No przecież ja naprawde nie chciałem jej skrzywdzić. Czy to tak trudno zrozumieć, że mnie też zdarzy się powiedzieć coś głupiego?! Dziewczyny... Kiedy to one cię obrażają nie masz prawa się odezwać, ale kiedy już się odgryziesz to zaczynają płakać. I weź tutaj postaraj się cokolwiek naprawić, kiedy nigdy w życiu z żadną nie byłeś w bliższej relacji... Ale zastanawiało mnie jedno: gdyby mnie nie lubiła, moje słowa nie zrobiłyby na niej najmniejszego wrażenia. Lepiej: wyśmiałaby moją osobę, obrzuczając do tego wzrokiem przepełnionym pogardą. Może i nie potrafiłem się obchodzić w kobietami, ale nie byłem też głupi ani tym bardziej ślepy. Zastanawiałem się nad ostatnimi słowami jakie wymówiła zanim stąd wyszła. Oczywiście, że obchodziło mnie czy jest zła. To pytanie tak bardzo nie na miejscu... To chyba oczywiste że jest wściekła. Heaven, idioto, nazwałeś ją dziwką! Przejechałem sobie ręką po twarzy, wzdychając ciężko. Byłem zły sam na siebie.
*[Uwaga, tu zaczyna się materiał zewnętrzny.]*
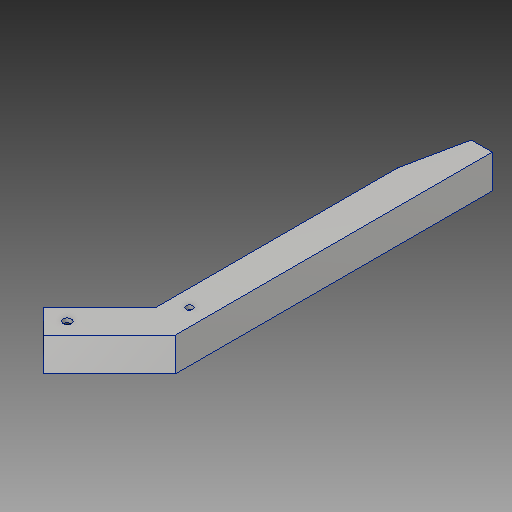
# Autodesk Inventor part: Part2
Saved by Autodesk Inventor 2017 (Build 210142000, 142)
## iProperties
Created: 2018-01-31
Part Number: Part2
Material: Aluminum 6061
Document SubType Name: Modeling
Designer: S338674153
Density: 2.7 g/cm^3
Appearance: Aluminum - Flat
Author: S338674153
Autodesk Inventor part; units mm, degrees
ref_plane "YZ Plane" through (0, 0, 0) normal (1, 0, 0) x (0, 1, 0)
ref_plane "XZ Plane" through (0, 0, 0) normal (0, 1, 0) x (-1, 0, 0)
ref_plane "XY Plane" through (0, 0, 0) normal (0, 0, 1) x (1, 0, 0)
sketch "Sketch1" plane through (0, 0, 0) normal (0, 1, 0) x (-1, 0, 0)
  line L0 (0, 0) -> (0, -228.6)
  line L1 (0, -228.6) -> (-25.4, -228.6)
  line L2 (-25.4, -228.6) -> (-25.4, 10.5159)
  line L3 (-25.4, 10.5159) -> (24.2621, 60.178)
  line L4 (24.2621, 60.178) -> (42.5226, 42.5226)
  line L5 (42.5226, 42.5226) -> (0, 0)
  dimension "d0" = 228.6
  dimension "d1" = 25.4
  dimension "d2" = 135
  dimension "d3" = 25.4
  constraints: 12 end point, 2 perpendicular, 1 parallel, 1 vertical
  measures "d0" distance of L0.start L0.end
  measures "d1" distance of L0.end L1.end
  measures "d2" angle of L3 L2
  measures "d3" distance of L3.end L4.end
extrude "Extrusion1" add sketch "Sketch1" along normal blind 25.4
sketch "Sketch2" plane through (0, 25.4, 0) normal (0, 1, 0) x (1, 0, 0)
  line L0 (25.4, 228.6) -> (0, 228.6) projected
  line L1 (9.525, 228.6) -> (0, 182.5245)
  line L2 (0, 228.6) -> (0, 0) projected
  dimension "d6" = 11.68
  dimension "d7" = 9.525
  constraints: 2 end point, 2 point on line
  measures "d6" angle of L1 L2
  measures "d7" distance of L1.start L0.end
extrude "Extrusion2" cut sketch "Sketch2" against normal through all
shell "Shell1" thickness 3.175 removed faces 3 at (3.175, 16.9333, -197.883) at (14.8167, 8.4667, -228.6) at (-30.3489, 8.4667, 54.2929)
sketch "Sketch3" plane through (0, 25.4, 0) normal (0, 1, 0) x (1, 0, 0)
  circle A0 centre (-24.4095, -42.3701) radius 3.175
  line L0 (-42.5226, -42.5226) -> (-24.2621, -60.178) projected
  line L1 (0, 0) -> (-42.5226, -42.5226) projected
  line L2 (0, 0) -> (25.4, 0)
  line L3 (25.4, -10.5159) -> (25.4, 228.6) projected
  circle A1 centre (12.7, 12.7) radius 2.54
  line L4 (0, 182.5245) -> (0, 0) projected
  dimension "d11" = 6.35
  dimension "d12" = 12.7
  dimension "d13" = 12.7
  dimension "d14" = 5.08
  dimension "d15" = 12.7
  dimension "d16" = 12.7
  constraints: 2 centre point, 2 end point, 1 horizontal, 1 point on line
  measures "d11" diameter of A0
  measures "d12" distance from line of A0.centre L0
  measures "d13" distance from line of A0.centre L1
  measures "d14" diameter of A1
  measures "d15" distance from line of A1.centre L2
  measures "d16" distance from line of L4 A1.centre
extrude "Extrusion3" cut sketch "Sketch3" against normal through all
body "Solid1"

Piękny melodramat, do tego jeszcze te nieudolne próby przeprosin dodatkowo pogorszyły całą sytuację. Postanowiłem zrobić to normalnie, jak człowiek a nie bezczelny dupek którym zdarzało mi się być aż nazbyt często.
Przez długie minuty rozmyślałem nad tym jak mogę przeprosić Vanillcię tak, aby ode mnie nie uciekła, a przy okazji nie wywołać kolejnej kłótni. Może by tak przynieść jej herbatki? Boże co ja mam zrobić, no? Nigdy nie musiałem przepraszać nikogo za coś takiego. Spanikowałem. Trzęsłem się gorzej niż psychofanka niecierpliwie wyczekująca na zobaczenie idola. Spokojnie, po prostu do niej pójdę, przytulę, może uda mi się nie palnąć niczego głupiego. Wziąłem głęboki wdech i pełen obaw opuściłem swój apartament.
[...]
Nie przypominałem sobie, żeby ktokolwiek zdradzał mi miejsce zamieszkania bliźniaczek. Ah, no tak. Byliśmy u nich na popijawie, to wszystko zaczęło się tamtego wieczora. Heh... może jednak nie byłem aż tak bardzo zalany jak mi się wydawało. Zapukałem trzy razy, ale nikt nie odpowiedział. Powtórzyłem daną czynność jeszcze dwa razy. Wciąż cisza. Czułem, że ona tam jest, chociaż cały korytarz zdawał się być martwy, a ja razem z nim. Pociągnąłem za klamkę, wolnym ruchem wchodząc do środka. Pomieszczenie spowijał mrok, ale moje szkarłatne oczy widziały w ciemności. Już po sekundzie zauważyłem schowaną za łóżkiem, trząsącą się sylwetkę. Westchnąłem cicho, a potem ostrożnie podszedłem do owej osóbki. Najwyraźniej poznała moje kroki, bo nawet nie uniosła głowy, aby na mnie spojrzeć. W dalszym ciągu płakała, co chwilę pociągając nosem.
- Vanilla... - szepnąłem, klękając naprzeciwko dziewczyny i delikatnie położyłem dłoń na jej ramieniu.
Zerwała się jak poparzona, spoglądając na mnie. Co zdziwiło mnie najbardziej był fakt, że w jej oczach nie dostrzegałem już złości tylko czysty smutek.
- Nie rozumiesz? Powiedziałam, żebyś... - tu przerwała, bo przygarnąłem ją do siebie i zamknąłem w mocnym uścisku.
Była tak zdziwiona, że nie ośmieliła się dokończyć zaczętego wcześniej zdania.
- Nie mogę znieść myśli, że jesteś na mnie zła. Tak, obchodzi mnie to bardziej niż ci się wydaje. Wiem, że nie jestem dobry w przepraszaniu, wręcz beznadziejny, ale... chciałem cię przeprosić. Proszę, wybacz mi to co powiedziałem.